Temps de Lecture 3 min.

Le créateur de bandes dessinées Emmanuel Lepage, dans son atelier à Plourhan (Côtes-d’Armor), en septembre 2013.

La nouvelle a créé l’émoi dans le milieu de la bande dessinée. Choisi pour réaliser l’affiche fêtant les 30 ans du Centre belge de la bande dessinée (CBBD), musée consacré au 9e art et ouvert à Bruxelles en 1989, le dessinateur Emmanuel Lepage s’est vu interdire par les ayants droit d’Hergé d’utiliser la fusée au damier rouge et blanc, empruntée par Tintin dans les albums Objectif Lune et On a marché sur la Lune (Casterman).

Réalisé avant l’été et rendu public le 27 août sur le compte Instagram d’Emmanuel Lepage, le dessin se voulait un hommage aux grandes figures de la bande dessinée. Hormis la fusée de Tintin, on y trouvait plusieurs références, comme le vaisseau spatial de Valérian et Laureline (Mézières et Christin), l’Espadon de Blake et Mortimer (Jacobs), la 2 CV rouge de Boule & Bill (Roba), le ptérodactyle d’Adèle Blanc-Sec (Tardi) ou le « ptéroïde » d’Arzach (Moebius).

Dès le lendemain de cette publication, le CBBD a pourtant reçu un courriel du service juridique de Moulinsart, la société chargée de l’exploitation commerciale de l’œuvre d’Hergé, lui intimant de retirer la célèbre fusée de l’affiche, sous peine de poursuites. Et la secrétaire générale du musée, Isabelle Debekker, de regretter :

« On a dû détruire tout ce qu’on avait imprimé et demander à l’auteur de modifier son dessin. Pourtant, il ne s’agissait pas d’une opération commerciale, on ne devait pas vendre l’affiche. C’est incompréhensible et désolant. »

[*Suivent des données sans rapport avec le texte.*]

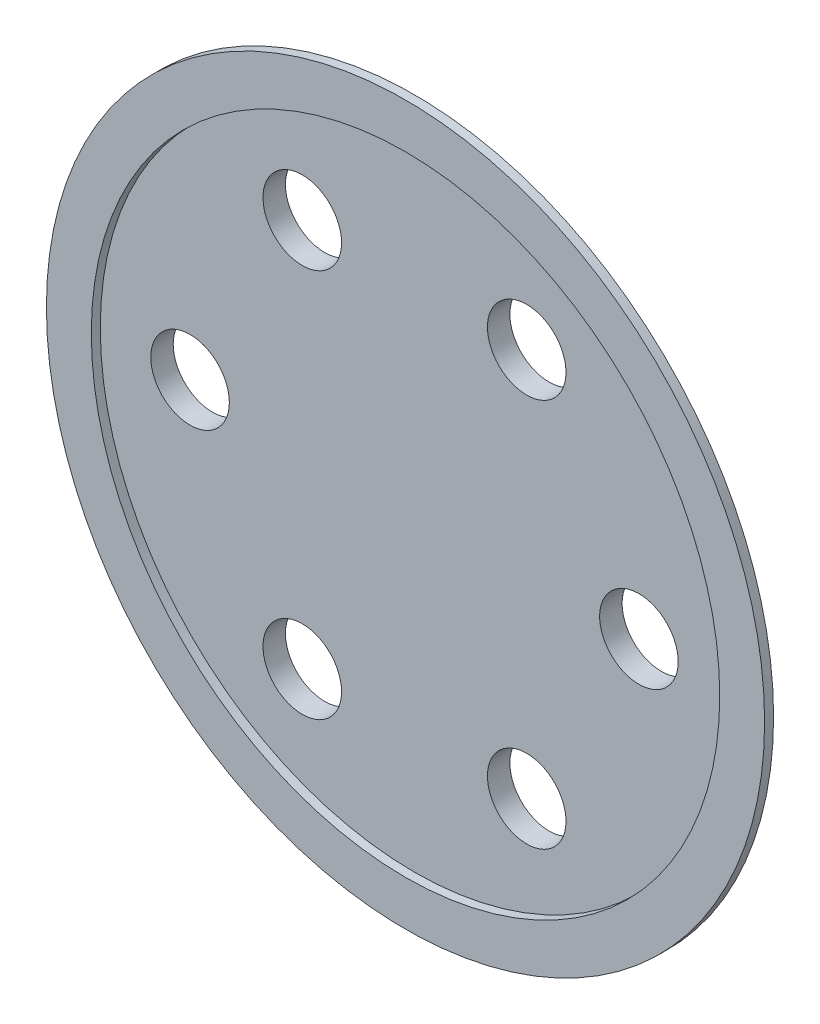
SolidWorks part; units mm, degrees
ref_plane "前视基准面" through (0, 0, 0) normal (0, 0, 1) x (1, 0, 0)
ref_plane "上视基准面" through (0, 0, 0) normal (0, 1, 0) x (1, 0, 0)
ref_plane "右视基准面" through (0, 0, 0) normal (1, 0, 0) x (0, 0, -1)
sketch "草图1" plane through (0, 0, 0) normal (0, 0, 1) x (1, 0, 0)
  circle A0 centre (0, 0) radius 15
  dimension "D1" = 30
extrude "拉伸-薄壁1" add sketch "草图1" along normal blind 0.4 thin thin type mid plane wall 2
sketch "草图2" plane through (0, 0, 0) normal (0, 0, -1) x (-1, 0, 0)
  circle A0 centre (0, 0) radius 14
  circle A1 centre (0, 0) radius 14 construction
extrude "凸台-拉伸1" add sketch "草图2" along normal blind 1
sketch "草图3" plane through (0, 0, 0) normal (0, 0, 1) x (1, 0, 0)
  circle A0 centre (10, 0) radius 1.75
  circle A1 centre (5, -8.6603) radius 1.75
  circle A2 centre (-5, -8.6603) radius 1.75
  circle A3 centre (-10, 0) radius 1.75
  circle A4 centre (-5, 8.6603) radius 1.75
  circle A5 centre (5, 8.6603) radius 1.75
  point P15 (0, 0)
  dimension "D1" = 3.5
  dimension "D2" = 10
  dimension "D3" = 6
extrude "切除-拉伸1" cut sketch "草图3" against normal up to surface (1 mm away) up to face at (-14, 0, -1)
scale "缩放比例1" bodies to scale 106 110 scale about origin uniform scaling yes scale factor 0.35

Après l’incompréhension, une nouvelle affiche

Emmanuel Lepage dit ne pas comprendre non plus la position des ayants droit d’Hergé. « Les références et les emprunts font partie de l’histoire de l’art. Quand Marcel Duchamp met une moustache à Mona Lisa, c’est un hommage à Léonard de Vinci ! L’Olympia d’Edouard Manet, c’est un hommage à La Grande Odalisque d’Ingres ! Tintin fait partie de notre imaginaire collectif, il est normal de pouvoir y faire référence. Moulinsart dit vouloir préserver l’œuvre d’Hergé, mais ils vont finir par scléroser Tintin, par le minéraliser », estime le dessinateur, respecté dans le milieu et auteur de plusieurs albums remarqués, comme la série Muchacho (Dupuis) ou Les Voyages d’Ulysse (Daniel Maghen).

« Aucun autre ayant droit ne nous a fait part de son refus, au contraire », assure Mme Debekker

Piqué au vif, Emmanuel Lepage, qui a dû refaire l’affiche en un week-end, s’est du coup amusé à ajouter d’autres références à son nouveau dessin, des reproductions d’Astro Boy et de Superman, un Schtroumpf ou encore une baleine sortie d’un album de Broussaille (Frank Pé). L’auteur a même apposé un damier rouge et blanc sur le Marion-Dufresne, le navire océanographique qui se trouve au centre du dessin, sujet d’un de ses albums (Voyage aux îles de la Désolation, Futuropolis). « Aucun autre ayant droit ne nous a fait part de son refus, au contraire », assure Mme Debekker.

Interrogé par Le Monde, Nick Rodwell, patron de Moulinsart et mari de Fanny Rodwell, la veuve et légataire universelle de Georges Rémi dit Hergé, explique que « le travail d’Hergé n’est pas dans le domaine public » et qu’un dessin inspiré de l’univers de Tintin ne peut donc pas être reproduit sans l’autorisation des ayants droit. Connu pour être très pointilleux en la matière, M. Rodwell s’énerve :

« La nouvelle directrice du CBBD nous a écrit qu’elle ne comprenait pas notre action parce que [cette affiche] n’est pas commerciale. Elle devrait (…) chercher un nouvel emploi ! »

Preuve de cette sévérité, la société Moulinsart a demandé et obtenu, vendredi 6 septembre, la fermeture d’une exposition consacrée à l’artiste allemand Georg Barber, dit Atak, dans une galerie de Lausanne (Suisse). Prévue du 5 au 29 septembre, celle-ci mettait en scène plusieurs peintures réalisées en hommage à Tintin. Sur son site, la galerie RichterBuxtorf dit n’avoir « aucun doute que l’artiste berlinois ne fait que citer le petit journaliste et son chien blanc et qu’il est ici dans un droit lié à la liberté artistique » mais qu’elle « n’a pas les moyens d’engager une guerre par avocats interposés ».